● INPUT FOR THIS TASK:
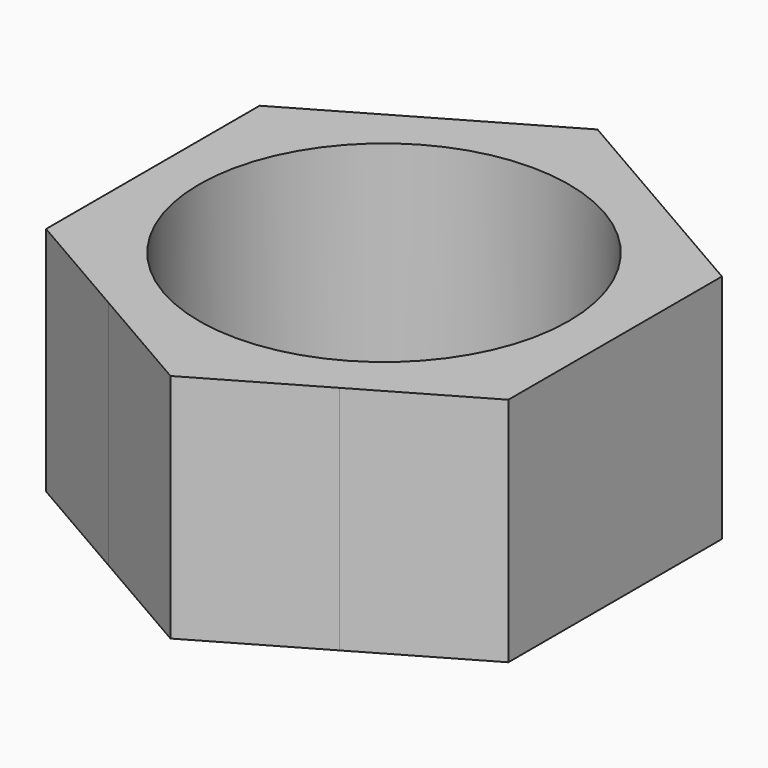
from build123d import *

# Parameters (mm, degrees)
F0_R     = 4
F1_DEPTH = 5


with BuildPart() as f1:
    # F0 (on Top) → F1 (new body)
    with BuildSketch(Plane.XY):
        with BuildLine():
            ThreePointArc((2.499999978, -4.3301270316), (4.3301270126, -2.500000011), (5, 0))
            ThreePointArc((5, 0), (4.330127022, 2.4999999946), (2.5000000107, 4.3301270127))
            ThreePointArc((2.5000000107, 4.3301270127), (-3.05e-08, 5), (-2.5000000636, 4.3301269822))
            ThreePointArc((-2.5000000636, 4.3301269822), (-4.3301270373, 2.4999999682), (-5, 0))
            ThreePointArc((-5, 0), (-4.3301270351, -2.4999999721), (-2.5000000559, -4.3301269867))
            ThreePointArc((-2.5000000559, -4.3301269867), (-4.5e-08, -5), (2.499999978, -4.3301270316))
        make_face()
        Circle(F0_R, mode=Mode.SUBTRACT)
        with BuildLine():
            Line((5, -2.8867513459), (5, 0))
            ThreePointArc((5, 0), (4.3301270126, -2.500000011), (2.499999978, -4.3301270316))
            Line((2.499999978, -4.3301270316), (5, -2.8867513459))
        make_face()
        with BuildLine():
            ThreePointArc((2.5000000107, 4.3301270127), (4.330127022, 2.4999999946), (5, 0))
            Line((5, 0), (5, 2.8867513459))
            Line((5, 2.8867513459), (2.5000000107, 4.3301270127))
        make_face()
        with BuildLine():
            ThreePointArc((-2.5000000636, 4.3301269822), (-3.05e-08, 5), (2.5000000107, 4.3301270127))
            Line((2.5000000107, 4.3301270127), (0, 5.7735026919))
            Line((0, 5.7735026919), (-2.5000000636, 4.3301269822))
        make_face()
        with BuildLine():
            Line((0, -5.7735026919), (2.499999978, -4.3301270316))
            ThreePointArc((2.499999978, -4.3301270316), (-4.5e-08, -5), (-2.5000000559, -4.3301269867))
            Line((-2.5000000559, -4.3301269867), (0, -5.7735026919))
        make_face()
        with BuildLine():
            ThreePointArc((-5, 0), (-4.3301270373, 2.4999999682), (-2.5000000636, 4.3301269822))
            Line((-2.5000000636, 4.3301269822), (-5, 2.8867513459))
            Line((-5, 2.8867513459), (-5, 0))
        make_face()
        with BuildLine():
            Line((-5, -2.8867513459), (-2.5000000559, -4.3301269867))
            ThreePointArc((-2.5000000559, -4.3301269867), (-4.3301270351, -2.4999999721), (-5, 0))
            Line((-5, 0), (-5, -2.8867513459))
        make_face()
    extrude(amount=F1_DEPTH)


solid = f1.part

● EXERCISE REQUIREMENTS:
Retype the data above verbatim, minus images.

● OUTPUT FOR THIS EXERCISE:
from build123d import *

# Parameters (mm, degrees)
F0_R     = 4
F1_DEPTH = 5


with BuildPart() as f1:
    # F0 (on Top) → F1 (new body)
    with BuildSketch(Plane.XY):
        with BuildLine():
            ThreePointArc((2.499999978, -4.3301270316), (4.3301270126, -2.500000011), (5, 0))
            ThreePointArc((5, 0), (4.330127022, 2.4999999946), (2.5000000107, 4.3301270127))
            ThreePointArc((2.5000000107, 4.3301270127), (-3.05e-08, 5), (-2.5000000636, 4.3301269822))
            ThreePointArc((-2.5000000636, 4.3301269822), (-4.3301270373, 2.4999999682), (-5, 0))
            ThreePointArc((-5, 0), (-4.3301270351, -2.4999999721), (-2.5000000559, -4.3301269867))
            ThreePointArc((-2.5000000559, -4.3301269867), (-4.5e-08, -5), (2.499999978, -4.3301270316))
        make_face()
        Circle(F0_R, mode=Mode.SUBTRACT)
        with BuildLine():
            Line((5, -2.8867513459), (5, 0))
            ThreePointArc((5, 0), (4.3301270126, -2.500000011), (2.499999978, -4.3301270316))
            Line((2.499999978, -4.3301270316), (5, -2.8867513459))
        make_face()
        with BuildLine():
            ThreePointArc((2.5000000107, 4.3301270127), (4.330127022, 2.4999999946), (5, 0))
            Line((5, 0), (5, 2.8867513459))
            Line((5, 2.8867513459), (2.5000000107, 4.3301270127))
        make_face()
        with BuildLine():
            ThreePointArc((-2.5000000636, 4.3301269822), (-3.05e-08, 5), (2.5000000107, 4.3301270127))
            Line((2.5000000107, 4.3301270127), (0, 5.7735026919))
            Line((0, 5.7735026919), (-2.5000000636, 4.3301269822))
        make_face()
        with BuildLine():
            Line((0, -5.7735026919), (2.499999978, -4.3301270316))
            ThreePointArc((2.499999978, -4.3301270316), (-4.5e-08, -5), (-2.5000000559, -4.3301269867))
            Line((-2.5000000559, -4.3301269867), (0, -5.7735026919))
        make_face()
        with BuildLine():
            ThreePointArc((-5, 0), (-4.3301270373, 2.4999999682), (-2.5000000636, 4.3301269822))
            Line((-2.5000000636, 4.3301269822), (-5, 2.8867513459))
            Line((-5, 2.8867513459), (-5, 0))
        make_face()
        with BuildLine():
            Line((-5, -2.8867513459), (-2.5000000559, -4.3301269867))
            ThreePointArc((-2.5000000559, -4.3301269867), (-4.3301270351, -2.4999999721), (-5, 0))
            Line((-5, 0), (-5, -2.8867513459))
        make_face()
    extrude(amount=F1_DEPTH)


solid = f1.part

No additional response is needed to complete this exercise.